I spent about a month in Yelsikoy/Istanbul, I was much younger and did not enjoy it for all it's worth. I remember a few bakeries though and the best bread I have ever eaten. Remember drinking raki, not much else than the first shot though and it was given as leverage for us to leave the bar so the tender could go home..


----------



## ENFPathetic (Apr 3, 2018)

Queen of Cups said:


> I once knew this guy who was constantly bragging about his big long 11 inch dick. Fitting seeing as he WAS a huge dick that he'd also have one, but I digress. He was constantly hitting on me and my friends even when we told him we weren't interested. He'd also put down our boyfriends/husbands. (He said some really nasty shit about my husband, then boyfriend, based on Asian stereotypes)
> 
> Well, one of my friends was visiting from out of town and ended up hooking up with him at a party. And she said yes it was very very long, but it was thin as a pencil. Compared it to being stabbed with a needle and when she got on top she was afraid it would break off. And he'd never heard of foreplay. She said the whole experience was a 2/10. Was it 11 inches? who knows but girth and skill were apparently lacking.
> 
> ...


This right here is the type of guy that needs to be hanged off a bridge by his ballsack. No competent man has any need to put another down to make himself look better. He should have apologised the moment you said you had a man and kept it moving.
I remember you also mentioning that guy that wanted a virgin that would throw herself at his feet and fuck his brains out on the first date. I told my wife about that and she lost it lol. Anyway, you gotta a lot of weirdos in your area haha


----------



## intranst (Jul 13, 2021)

ENFPathetic said:


> I don't mind ISTJs. I find them hilarious. And I love how big their hearts are beneath the cold exterior. It's ISTJs who can't stand me lol.


Yeah, if there’s one thing I’ve always admired about my ISTJ dad is how much he does for our family. He also was physically abused as kid which thankfully did not carry over to his treatment of us, so yeah, good Fi in my book.

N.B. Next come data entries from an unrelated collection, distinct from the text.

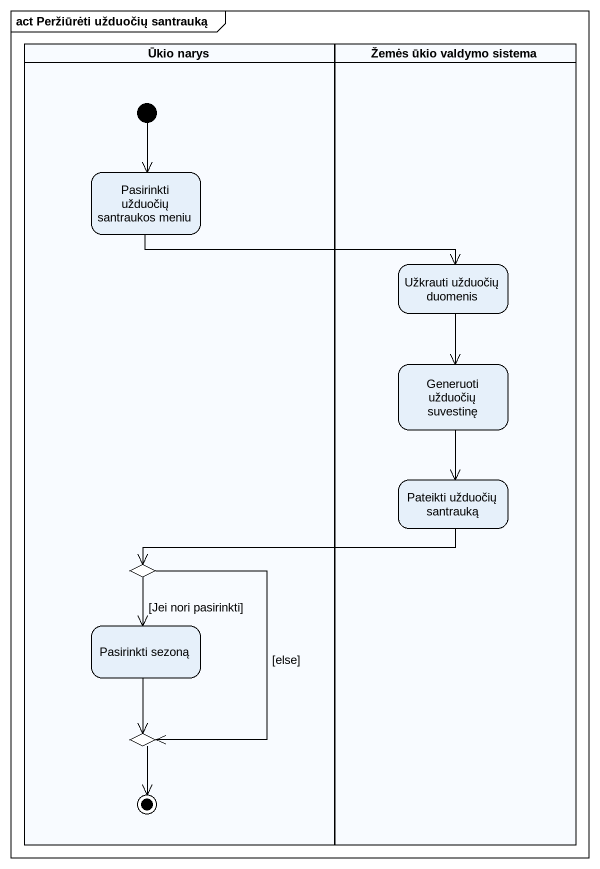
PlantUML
@startuml
mainframe act Peržiūrėti užduočių santrauką
hide empty description
state "Ūkio narys" as Ūkio_narys <<partition>> {
  state "Pasirinkti užduočių santraukos meniu" as Pasirinkti_užduočių
  state choice1 <<choice>>
  state "Pasirinkti sezoną" as Pasirinkti_sezoną
  state choice2 <<choice>>
  [*] --> Pasirinkti_užduočių
  choice2 --> [*]
}
state "Žemės ūkio valdymo sistema" as Žemės_ūkio_valdymo_sistema <<partition>> {
  state "Užkrauti užduočių duomenis" as Užkrauti_užduočių_duomenis
  state "Generuoti užduočių suvestinę" as Generuoti_užduočių_suvestinę
  state "Pateikti užduočių santrauką" as Pateikti_užduočių_santrauką
}
Pasirinkti_užduočių -right-> Užkrauti_užduočių_duomenis
Užkrauti_užduočių_duomenis --> Generuoti_užduočių_suvestinę
Generuoti_užduočių_suvestinę --> Pateikti_užduočių_santrauką
Pateikti_užduočių_santrauką -left-> choice1
choice1 --> Pasirinkti_sezoną : [Jei nori pasirinkti]
choice1 --> choice2 : [else]
Pasirinkti_sezoną --> choice2
@enduml

And he and an ISTJ friend of mine can indeed make some rather funny cracks with their Ne.


----------



## ENFPathetic (Apr 3, 2018)

Darryl said:


> I spent about a month in Yelsikoy/Istanbul, I was much younger and did not enjoy it for all it's worth. I remember a few bakeries though and the best bread I have ever eaten. Remember drinking raki, not much else than the first shot though and it was given as leverage for us to leave the bar so the tender could go home..


The locals told me Istanbul used to be pretty grimy. But right now, the city is clean and absolutely beautiful. I like the bread as well. Have you been to Paris? If not, I suggest you give a try. The best bread I've ever had by far was in the city of love.

I've never tried raki but I suspect it's an alcoholic drink and that's probably why, since I don't drink.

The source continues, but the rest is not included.